* **TASK OBJECTIVE**
Scan the lines below for the string "offset". Reply with how many match, and no other words.

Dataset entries

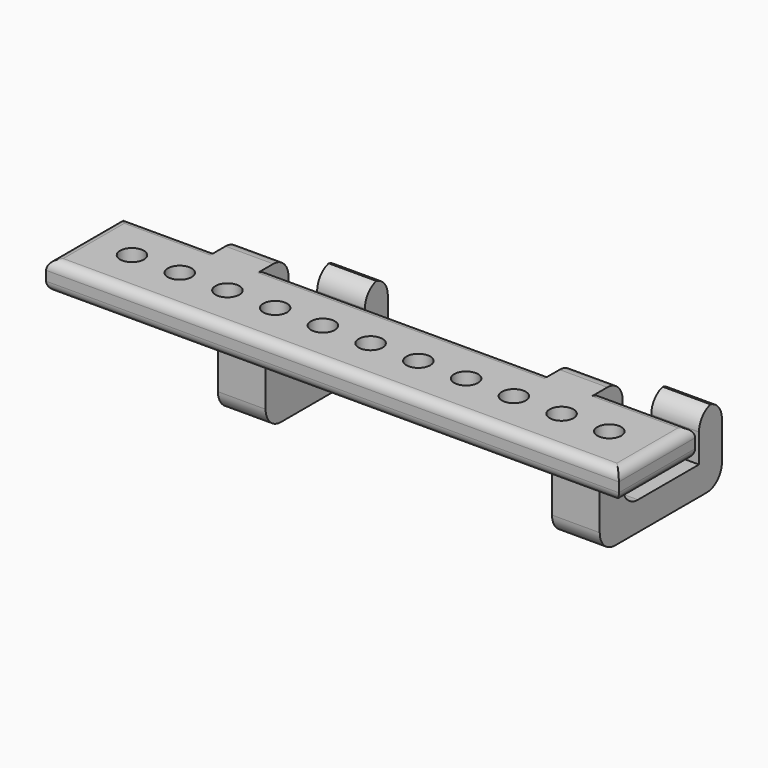
from build123d import *

# Parameters (mm, degrees)
F0_W        = 60
F0_H        = 10
F1_DEPTH    = 3
F2_R        = 1.25
F3_DEPTH    = 3
F4_W        = 5
F4_H        = 15
F5_DEPTH    = 16
F7_DEPTH    = 60
F8_T1_DEPTH = 5
F8_T3_DEPTH = 5
F8_T5_DEPTH = 15
F8_T7_DEPTH = 15
F9_R        = 1


# Not quite as in the source:
# - a fillet or chamfer that OpenCascade refuses, or shapes differently, is made with other operations: its cross-section is extruded or revolved along the edge and cut away or added


with BuildPart() as f1:
    # F0 (on Top) → F1 (new body)
    with BuildSketch(Plane.XY):
        Rectangle(F0_W, F0_H)
    extrude(amount=F1_DEPTH)

    # F2 (on face) → F3 (cut)
    with BuildSketch(Plane.XY.offset(3)):
        with Locations((-25, 0)):
            Circle(F2_R)
        with Locations((-20, 0)):
            Circle(F2_R)
        with Locations((-15, 0)):
            Circle(F2_R)
        with Locations((-10, 0)):
            Circle(F2_R)
        with Locations((-5, 0)):
            Circle(F2_R)
        Circle(F2_R)
        with Locations((5, 0)):
            Circle(F2_R)
        with Locations((10, 0)):
            Circle(F2_R)
        with Locations((15, 0)):
            Circle(F2_R)
        with Locations((20, 0)):
            Circle(F2_R)
        with Locations((25, 0)):
            Circle(F2_R)
    extrude(amount=-F3_DEPTH, mode=Mode.SUBTRACT)

    # F4 (on face) → F5 (join)
    with BuildSketch(Plane(origin=(0, 5, 0), x_dir=(-1, 0, 0), z_dir=(0, 1, 0))):
        with Locations((17.5, -4.5)):
            Rectangle(F4_W, F4_H)
        with Locations((-17.5, -4.5)):
            Rectangle(F4_W, F4_H)
    extrude(amount=F5_DEPTH)

    # F6 (on face) → F7 (cut)
    with BuildSketch(Plane(origin=(-20, 0, 0), x_dir=(0, -1, 0), z_dir=(-1, 0, 0))):
        Polygon((-8, -9), (-8, 3), (-21, 3), (-21, -4), (-18, -4), (-18, -9), align=None)
    extrude(amount=-F7_DEPTH, mode=Mode.SUBTRACT)

    # F8: fillet of radius 2 on 17 edges, made by hand

    # F8_s2 → F8_t1 (join)
    with BuildSketch(Plane.YZ.offset(15)):
        with BuildLine():
            ThreePointArc((3, 0), (4.4142135624, -0.5857864376), (5, -2))
            Line((5, -2), (5, 0))
            Line((5, 0), (3, 0))
        make_face()
        with BuildLine():
            ThreePointArc((10, -9), (8.5857864376, -8.4142135624), (8, -7))
            Line((8, -7), (8, -9))
            Line((8, -9), (10, -9))
        make_face()
    extrude(amount=F8_T1_DEPTH)

    # F8_s4 → F8_t3 (join)
    with BuildSketch(Plane.YZ.offset(-20)):
        with BuildLine():
            ThreePointArc((3, 0), (4.4142135624, -0.5857864376), (5, -2))
            Line((5, -2), (5, 0))
            Line((5, 0), (3, 0))
        make_face()
        with BuildLine():
            ThreePointArc((8, -7), (8.5857864376, -8.4142135624), (10, -9))
            Line((10, -9), (8, -9))
            Line((8, -9), (8, -7))
        make_face()
    extrude(amount=F8_T3_DEPTH)

    # F8_s6 → F8_t5 (cut)
    with BuildSketch(Plane.YZ.offset(-25)):
        with BuildLine():
            ThreePointArc((5, -10), (5.5857864376, -11.4142135624), (7, -12))
            Line((7, -12), (5, -12))
            Line((5, -12), (5, -10))
        make_face()
        with BuildLine():
            ThreePointArc((21, -10), (20.4142135624, -11.4142135624), (19, -12))
            Line((19, -12), (21, -12))
            Line((21, -12), (21, -10))
        make_face()
        with BuildLine():
            ThreePointArc((19, -4), (20.4142135624, -4.5857864376), (21, -6))
            Line((21, -6), (21, -4))
            Line((21, -4), (19, -4))
        make_face()
        with BuildLine():
            ThreePointArc((18, -6), (18.5857864376, -4.5857864376), (20, -4))
            Line((20, -4), (18, -4))
            Line((18, -4), (18, -6))
        make_face()
        with BuildLine():
            ThreePointArc((6, 3), (7.4142135624, 2.4142135624), (8, 1))
            Line((8, 1), (8, 3))
            Line((8, 3), (6, 3))
        make_face()
    extrude(amount=F8_T5_DEPTH, mode=Mode.SUBTRACT)

    # F8_s8 → F8_t7 (cut)
    with BuildSketch(Plane.YZ.offset(10)):
        with BuildLine():
            ThreePointArc((5, -10), (5.5857864376, -11.4142135624), (7, -12))
            Line((7, -12), (5, -12))
            Line((5, -12), (5, -10))
        make_face()
        with BuildLine():
            ThreePointArc((19, -12), (20.4142135624, -11.4142135624), (21, -10))
            Line((21, -10), (21, -12))
            Line((21, -12), (19, -12))
        make_face()
        with BuildLine():
            ThreePointArc((21, -6), (20.4142135624, -4.5857864376), (19, -4))
            Line((19, -4), (21, -4))
            Line((21, -4), (21, -6))
        make_face()
        with BuildLine():
            ThreePointArc((20, -4), (18.5857864376, -4.5857864376), (18, -6))
            Line((18, -6), (18, -4))
            Line((18, -4), (20, -4))
        make_face()
        with BuildLine():
            ThreePointArc((6, 3), (7.4142135624, 2.4142135624), (8, 1))
            Line((8, 1), (8, 3))
            Line((8, 3), (6, 3))
        make_face()
    extrude(amount=F8_T7_DEPTH, mode=Mode.SUBTRACT)

    # F9
    f9_edges = [f1.edges().sort_by_distance(p)[0] for p in [
        (0, -5, 3),
        (30, 0, 3),
        (25, 5, 3),
        (0, 5, 3),
        (-25, 5, 3),
        (-30, 0, 3),
        (0, -5, 0),
        (30, 0, 0),
        (25, 5, 0),
        (0, 5, 0),
        (-25, 5, 0),
        (-30, 0, 0),
    ]]
    fillet(f9_edges, radius=F9_R)


solid = f1.part

* **PROBLEM SOLUTION**
5